▶ WORK REQUEST
Below are the records; collect from them each line containing the string "color".

Collection entries:
++++++++++++++++++++

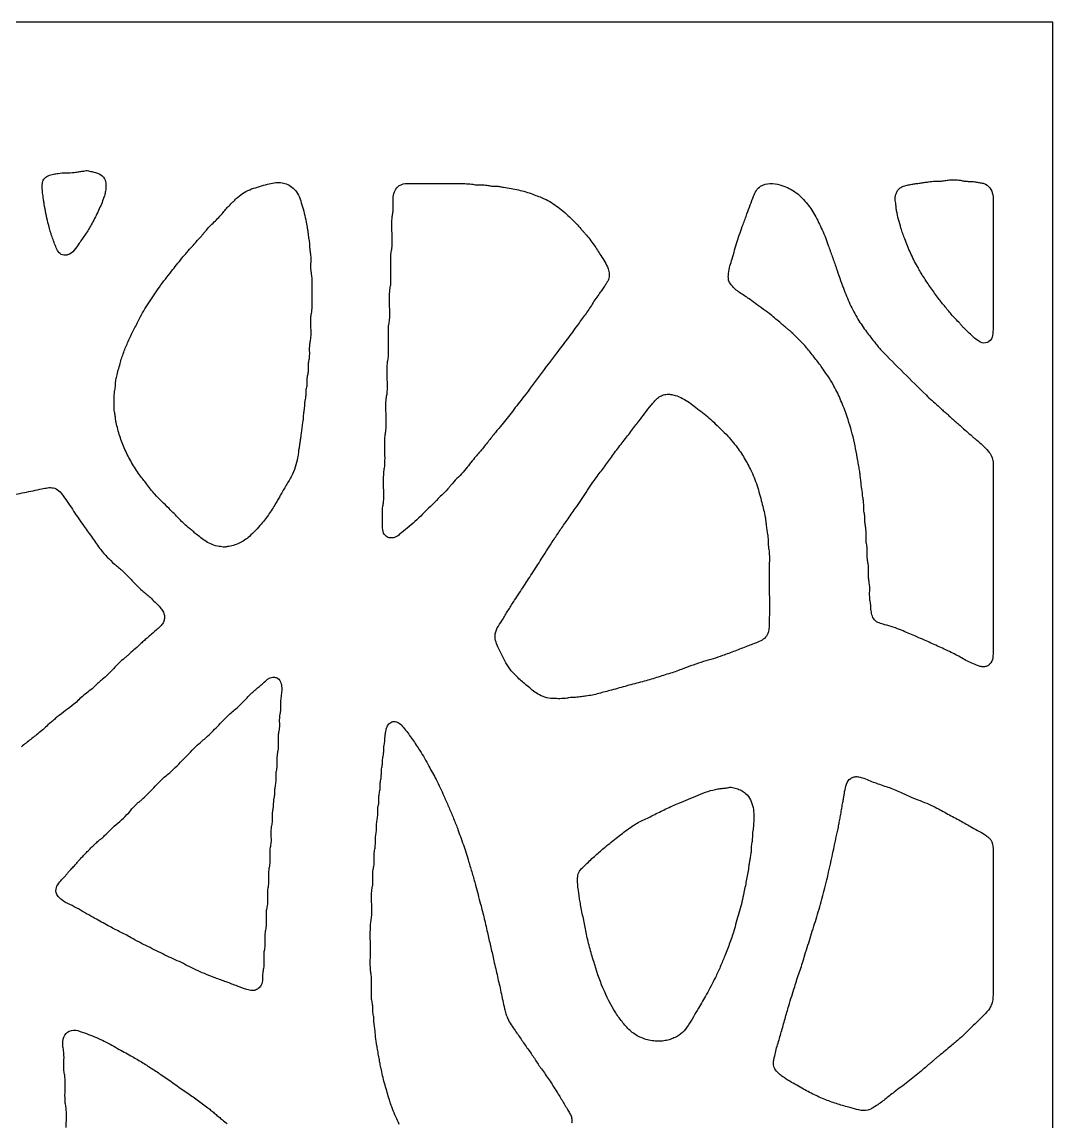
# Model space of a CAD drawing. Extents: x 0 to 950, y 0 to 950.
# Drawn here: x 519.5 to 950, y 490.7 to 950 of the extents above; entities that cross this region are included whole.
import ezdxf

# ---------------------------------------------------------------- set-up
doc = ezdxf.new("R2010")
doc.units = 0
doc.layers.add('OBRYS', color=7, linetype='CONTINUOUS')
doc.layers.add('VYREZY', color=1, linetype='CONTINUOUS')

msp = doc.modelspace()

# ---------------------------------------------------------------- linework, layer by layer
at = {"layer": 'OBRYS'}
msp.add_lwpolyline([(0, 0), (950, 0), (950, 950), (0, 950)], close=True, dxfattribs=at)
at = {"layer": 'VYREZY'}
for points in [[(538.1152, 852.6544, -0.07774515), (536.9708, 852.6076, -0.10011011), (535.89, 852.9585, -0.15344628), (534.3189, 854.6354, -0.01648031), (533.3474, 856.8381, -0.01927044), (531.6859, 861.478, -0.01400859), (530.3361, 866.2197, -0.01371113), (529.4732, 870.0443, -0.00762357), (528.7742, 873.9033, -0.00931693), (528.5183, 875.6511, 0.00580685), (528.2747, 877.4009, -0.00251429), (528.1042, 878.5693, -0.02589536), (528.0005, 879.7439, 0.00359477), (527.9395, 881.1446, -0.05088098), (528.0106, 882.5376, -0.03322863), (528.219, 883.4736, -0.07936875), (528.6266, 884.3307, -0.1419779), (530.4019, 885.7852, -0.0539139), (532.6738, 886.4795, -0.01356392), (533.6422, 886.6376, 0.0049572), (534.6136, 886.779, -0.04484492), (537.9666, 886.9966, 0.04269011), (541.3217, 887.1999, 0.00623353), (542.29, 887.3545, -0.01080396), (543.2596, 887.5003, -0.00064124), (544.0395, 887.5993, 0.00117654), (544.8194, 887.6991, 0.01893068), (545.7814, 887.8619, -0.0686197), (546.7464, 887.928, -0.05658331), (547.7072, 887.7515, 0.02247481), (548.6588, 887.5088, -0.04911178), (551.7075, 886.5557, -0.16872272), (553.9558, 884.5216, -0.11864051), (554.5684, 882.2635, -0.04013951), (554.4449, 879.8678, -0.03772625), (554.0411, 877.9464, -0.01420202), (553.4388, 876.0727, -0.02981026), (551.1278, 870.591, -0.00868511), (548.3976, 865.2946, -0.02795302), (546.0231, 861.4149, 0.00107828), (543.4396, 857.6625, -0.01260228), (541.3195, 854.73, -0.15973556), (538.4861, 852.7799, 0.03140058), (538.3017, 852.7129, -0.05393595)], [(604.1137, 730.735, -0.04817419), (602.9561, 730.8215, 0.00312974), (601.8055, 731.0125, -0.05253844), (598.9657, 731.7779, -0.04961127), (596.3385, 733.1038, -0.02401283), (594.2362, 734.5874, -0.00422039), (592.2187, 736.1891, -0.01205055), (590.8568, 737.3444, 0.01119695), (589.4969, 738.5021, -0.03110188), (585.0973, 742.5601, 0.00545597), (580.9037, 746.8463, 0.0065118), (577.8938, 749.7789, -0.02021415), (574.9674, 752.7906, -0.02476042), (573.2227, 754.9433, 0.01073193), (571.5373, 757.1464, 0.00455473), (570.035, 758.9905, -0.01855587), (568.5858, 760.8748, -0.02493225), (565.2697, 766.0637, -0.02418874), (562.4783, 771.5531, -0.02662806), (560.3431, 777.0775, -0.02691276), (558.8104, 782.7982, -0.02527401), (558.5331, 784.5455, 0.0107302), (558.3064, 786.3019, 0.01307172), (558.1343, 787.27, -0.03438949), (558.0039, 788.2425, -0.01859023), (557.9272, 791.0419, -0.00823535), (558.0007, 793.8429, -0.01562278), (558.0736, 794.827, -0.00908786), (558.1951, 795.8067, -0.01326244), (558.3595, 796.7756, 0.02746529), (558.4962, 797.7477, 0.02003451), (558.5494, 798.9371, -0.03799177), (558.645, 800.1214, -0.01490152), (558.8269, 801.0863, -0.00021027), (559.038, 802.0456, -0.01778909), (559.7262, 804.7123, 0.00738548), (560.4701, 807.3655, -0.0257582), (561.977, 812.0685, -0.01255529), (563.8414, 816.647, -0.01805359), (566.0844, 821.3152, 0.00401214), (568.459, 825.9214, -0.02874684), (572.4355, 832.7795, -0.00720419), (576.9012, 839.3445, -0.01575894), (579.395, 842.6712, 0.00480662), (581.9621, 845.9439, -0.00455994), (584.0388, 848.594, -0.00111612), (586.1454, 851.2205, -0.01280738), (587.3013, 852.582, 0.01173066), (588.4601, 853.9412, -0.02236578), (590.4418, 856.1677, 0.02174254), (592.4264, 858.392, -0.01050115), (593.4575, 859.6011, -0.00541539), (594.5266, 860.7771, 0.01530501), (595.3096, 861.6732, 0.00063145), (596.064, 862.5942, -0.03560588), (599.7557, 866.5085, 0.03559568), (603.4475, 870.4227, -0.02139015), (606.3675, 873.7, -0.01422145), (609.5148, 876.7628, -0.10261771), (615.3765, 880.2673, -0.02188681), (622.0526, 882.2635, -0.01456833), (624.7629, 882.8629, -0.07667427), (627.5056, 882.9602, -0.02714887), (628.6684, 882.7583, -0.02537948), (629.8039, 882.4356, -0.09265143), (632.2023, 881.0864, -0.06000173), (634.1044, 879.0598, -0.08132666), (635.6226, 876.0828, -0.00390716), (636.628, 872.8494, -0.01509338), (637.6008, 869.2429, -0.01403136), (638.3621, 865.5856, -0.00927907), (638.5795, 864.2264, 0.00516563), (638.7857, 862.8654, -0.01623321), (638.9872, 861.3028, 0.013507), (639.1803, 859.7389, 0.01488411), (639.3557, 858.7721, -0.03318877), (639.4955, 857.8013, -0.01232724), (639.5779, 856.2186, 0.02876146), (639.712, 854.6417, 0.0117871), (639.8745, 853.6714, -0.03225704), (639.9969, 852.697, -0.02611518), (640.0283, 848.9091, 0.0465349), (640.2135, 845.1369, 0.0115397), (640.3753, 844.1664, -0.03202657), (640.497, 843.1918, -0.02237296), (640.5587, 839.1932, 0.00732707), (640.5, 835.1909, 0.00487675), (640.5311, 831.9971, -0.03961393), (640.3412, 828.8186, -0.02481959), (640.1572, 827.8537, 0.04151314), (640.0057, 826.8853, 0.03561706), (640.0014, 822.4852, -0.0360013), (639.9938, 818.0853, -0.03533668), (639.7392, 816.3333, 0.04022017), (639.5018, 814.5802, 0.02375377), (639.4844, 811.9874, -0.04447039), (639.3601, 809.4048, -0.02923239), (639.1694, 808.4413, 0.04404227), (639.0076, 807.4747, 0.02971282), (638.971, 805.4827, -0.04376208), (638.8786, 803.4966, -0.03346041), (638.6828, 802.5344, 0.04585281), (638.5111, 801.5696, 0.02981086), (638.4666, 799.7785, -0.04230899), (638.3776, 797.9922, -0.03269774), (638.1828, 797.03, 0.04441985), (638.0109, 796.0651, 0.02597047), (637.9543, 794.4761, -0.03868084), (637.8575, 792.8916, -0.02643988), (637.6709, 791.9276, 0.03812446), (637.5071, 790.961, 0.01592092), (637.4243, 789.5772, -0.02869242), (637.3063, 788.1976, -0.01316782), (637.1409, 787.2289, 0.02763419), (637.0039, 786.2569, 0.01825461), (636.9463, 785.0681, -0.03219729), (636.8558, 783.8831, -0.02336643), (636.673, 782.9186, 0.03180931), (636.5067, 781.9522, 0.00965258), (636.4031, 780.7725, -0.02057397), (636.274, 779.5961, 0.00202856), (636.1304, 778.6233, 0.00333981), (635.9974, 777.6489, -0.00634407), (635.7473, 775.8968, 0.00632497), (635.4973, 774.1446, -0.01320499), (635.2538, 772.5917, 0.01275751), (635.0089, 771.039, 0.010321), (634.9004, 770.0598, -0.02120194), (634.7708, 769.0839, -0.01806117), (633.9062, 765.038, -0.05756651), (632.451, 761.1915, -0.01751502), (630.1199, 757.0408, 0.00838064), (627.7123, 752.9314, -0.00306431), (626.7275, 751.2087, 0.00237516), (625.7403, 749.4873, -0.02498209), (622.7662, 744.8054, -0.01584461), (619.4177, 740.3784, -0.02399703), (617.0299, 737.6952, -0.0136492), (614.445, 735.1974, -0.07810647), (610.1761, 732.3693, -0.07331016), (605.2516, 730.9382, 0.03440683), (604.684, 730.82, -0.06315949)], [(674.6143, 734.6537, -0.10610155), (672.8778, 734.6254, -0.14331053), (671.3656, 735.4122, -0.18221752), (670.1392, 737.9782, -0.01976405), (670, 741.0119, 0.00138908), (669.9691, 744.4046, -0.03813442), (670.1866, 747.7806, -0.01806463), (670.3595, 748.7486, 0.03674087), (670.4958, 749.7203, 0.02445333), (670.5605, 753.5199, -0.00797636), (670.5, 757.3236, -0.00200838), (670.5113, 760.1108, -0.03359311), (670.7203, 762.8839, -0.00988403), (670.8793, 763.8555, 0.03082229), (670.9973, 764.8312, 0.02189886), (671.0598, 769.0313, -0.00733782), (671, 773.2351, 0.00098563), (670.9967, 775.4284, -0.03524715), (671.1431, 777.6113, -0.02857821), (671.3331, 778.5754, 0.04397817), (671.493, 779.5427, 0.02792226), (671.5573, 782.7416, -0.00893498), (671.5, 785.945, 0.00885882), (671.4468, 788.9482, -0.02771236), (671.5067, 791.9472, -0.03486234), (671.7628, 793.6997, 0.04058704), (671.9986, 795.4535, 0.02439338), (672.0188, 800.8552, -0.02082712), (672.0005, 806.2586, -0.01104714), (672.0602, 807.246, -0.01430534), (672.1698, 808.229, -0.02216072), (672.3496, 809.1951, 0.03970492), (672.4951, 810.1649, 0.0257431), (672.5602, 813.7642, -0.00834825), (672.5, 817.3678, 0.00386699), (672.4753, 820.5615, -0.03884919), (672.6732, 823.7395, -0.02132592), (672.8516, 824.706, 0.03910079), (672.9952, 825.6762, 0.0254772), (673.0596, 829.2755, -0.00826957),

++++++++++++++++++++

▶ RESPONSE AREA
doc.layers.add('OBRYS', color=7, linetype='CONTINUOUS')
doc.layers.add('VYREZY', color=1, linetype='CONTINUOUS')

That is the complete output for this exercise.